Exercise directions: Examine each line of the data. Copy the line if it includes the word "unnamed".

*** Opening Source material ***

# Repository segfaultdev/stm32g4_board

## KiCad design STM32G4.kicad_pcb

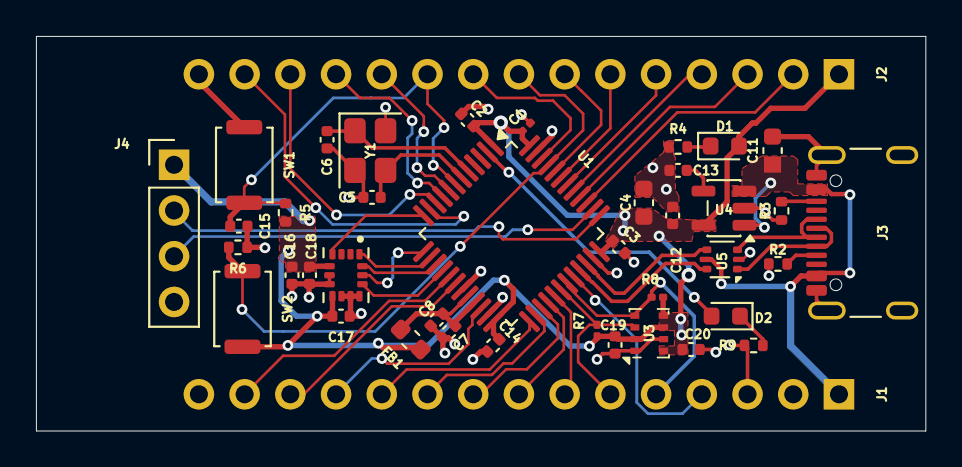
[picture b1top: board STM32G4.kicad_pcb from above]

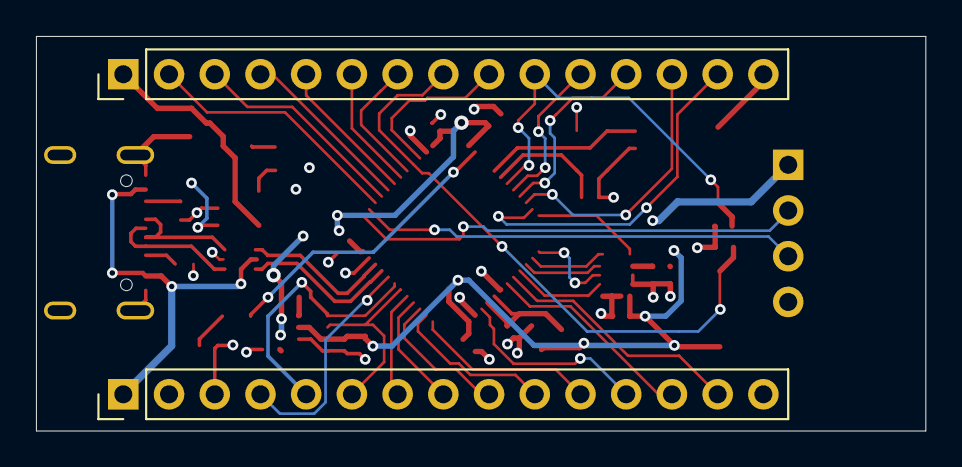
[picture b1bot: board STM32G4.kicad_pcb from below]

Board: 4 copper layers, 49.4 x 21.9 mm, 41 parts (2 on the bottom side), 47 nets.

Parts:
C1: .1uF; C_0201_0603Metric
C2, C3, C7, C14, C17, C18, C19, C20: .1uF; C_0402_1005Metric
C4: 4.7uF; C_0603_1608Metric
C5, C6, C15: C; C_0402_1005Metric
C8: 1uF; C_0402_1005Metric
C11: 10uF; C_0603_1608Metric
C12: 10uF; C_0402_1005Metric
C13: 10nF; C_0402_1005Metric
C16: 2.2uF; C_0402_1005Metric
D1: PWR_LED; LED_0603_1608Metric
D2: USR_LED; LED_0603_1608Metric
FB1: FCM1608KF-601T03; L_0603_1608Metric
J1, J2: Conn_01x15; PinHeader_1x15_P2.54mm_Vertical
J3: USB_C_Receptacle_USB2.0_16P; USB_C_Receptacle_GCT_USB4105-xx-A_16P_TopMnt_Horizontal
J4: Conn_01x04_Pin; PinHeader_1x04_P2.54mm_Vertical
R2, R3: 5k1; R_0402_1005Metric
R4, R9: 330R; R_0402_1005Metric
R5, R6: 10k; R_0402_1005Metric
R7, R8: 4k7; R_0201_0603Metric
SW1, SW2: RST_SW; SW_Push_SPST_NO_Alps_SKRK
U1: STM32G491CETx; LQFP-48_7x7mm_P0.5mm
U2: ICM-42688-P; PQFN50P300X250X97-14N
U3: BMP280; Bosch_LGA-8_2x2.5mm_P0.65mm_ClockwisePinNumbering
U4: SPX3819M5-L-3-3; SOT-23-5
U5: USBLC6-2P6; SOT-666
Y1: 25MHz; Crystal_SMD_3225-4Pin_3.2x2.5mm

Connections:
+3.3V: C1.2, C2.2, C3.2, C4.2, C12.2, C14.2, C16.2, C17.2, C18.2, C19.1, C20.2, D1.2 (A), FB1.1, J2.1, J4.1, R5.1, R7.2, R8.1, SW2.1, U1.1 (VBAT), U1.24 (VDD), U1.36 (VDD), U1.48 (VDD), U2.5 (VDDIO), U2.8 (VDD), U3.2 (CSB), U3.5 (SDO), U3.6 (VDDIO), U3.8 (VDD), U4.5 (OUT)
/HSE_IN: C6.2, U1.5 (PF0), Y1.1
/HSE_OUT: C5.1, U1.6 (PF1), Y1.3
/I2C1_SCL: J1.5, R8.2, U1.31 (PA9), U3.4 (SCK)
/I2C1_SDA: J1.6, R7.1, U1.30 (PA8), U3.3 (SDI)
/MISO: U1.14 (PA6), U2.1 (AP_SDO/AP_AD0)
/MOSI: U1.15 (PA7), U2.14 (AP_SDA/AP_SDIO/AP_SDI)
/NSS: U1.16 (PB0), U2.12 (AP_CS)
/PA0: J2.11, U1.8 (PA0)
/PA1: J2.12, U1.9 (PA1)
/PA2: J2.13, U1.10 (PA2)
/PA3: J2.14, U1.11 (PA3)
/PA4: U1.12 (PA4), U2.4 (INT1/INT)
/PA10: J1.4, U1.32 (PA10)
/PA15: J2.2, U1.39 (PA15)
/PB1: J1.14, U1.17 (PB1)
/PB2: J1.13, U1.18 (PB2)
/PB3: J2.3, U1.40 (PB3)
/PB4: J2.4, U1.41 (PB4)
/PB5: J2.5, U1.42 (PB5)
/PB6: J2.6, U1.43 (PB6)
/PB7: J2.7, U1.44 (PB7)
/PB9: J2.9, U1.46 (PB9)
/PB10: J1.12, U1.22 (PB10)
/PB11: J1.11, U1.25 (PB11)
/PB12: J1.10, U1.26 (PB12)
/PB13: J1.9, U1.27 (PB13)
/PB14: J1.8, U1.28 (PB14)
/PB15: J1.7, U1.29 (PB15)
/PC13: D2.2 (A), U1.2 (PC13)
/SSCLK: U1.13 (PA5), U2.13 (AP_SCL/AP_SCLK)
/SWCLK: J4.3, U1.38 (PA14)
/SWDIO: J4.2, U1.37 (PA13)
/USBD+: U1.34 (PA12), U5.4 (I/O2)
/USBD-: U1.33 (PA11), U5.6 (I/O1)
BOOT0: J2.8, R6.2, SW2.2, U1.45 (PB8)
GND: C1.1, C2.1, C3.1, C4.1, C5.2, C6.1, C7.1, C8.1, C11.1, C12.1, C13.1, C14.1, C15.1, C16.1, C17.1, C18.1, C19.2, C20.1, J1.2, J1.3, J1.15, J2.15, J3.A1 (GND), J3.A12 (GND), J3.B1 (GND), J3.B12 (GND), J3.S1 (SHIELD), J4.4, R2.1, R3.2, R4.2, R6.1, R9.2, SW1.1, U1.19 (VSSA), U1.23 (VSS), U1.35 (VSS), U1.47 (VSS), U2.6 (GND), U2.7 (RESV_7), U2.9 (INT2/FSYNC/CLKIN), U2.10 (RESV_10), U2.11 (RESV_11), U3.1 (GND), U3.7 (GND), U4.2 (GND), U5.2 (GND), Y1.2, Y1.4
NRST: C15.2, J2.10, R5.2, SW1.2, U1.7 (PG10)
unnamed: D1.1 (K), R4.1
unnamed: D2.1 (K), R9.1
unnamed: J3.A5 (CC1), R2.2
unnamed: J3.B5 (CC2), R3.1
unnamed: J3.A6 (D+), J3.B6 (D+), U5.3 (I/O2)
unnamed: J3.A7 (D-), J3.B7 (D-), U5.1 (I/O1)
unnamed: C13.2, U4.4 (BP)
VBUS: C11.2, J1.1, J3.A4 (VBUS), J3.A9 (VBUS), J3.B4 (VBUS), J3.B9 (VBUS), U4.1 (IN), U4.3 (EN), U5.5 (VBUS)
VREF: C7.2, C8.2, FB1.2, U1.20 (VREF+), U1.21 (VDDA)

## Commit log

2025-11-25 Second Commit

*** Closing Source material ***

Solution to the problem:
unnamed: D1.1 (K), R4.1
unnamed: D2.1 (K), R9.1
unnamed: J3.A5 (CC1), R2.2
unnamed: J3.B5 (CC2), R3.1
unnamed: J3.A6 (D+), J3.B6 (D+), U5.3 (I/O2)
unnamed: J3.A7 (D-), J3.B7 (D-), U5.1 (I/O1)
unnamed: C13.2, U4.4 (BP)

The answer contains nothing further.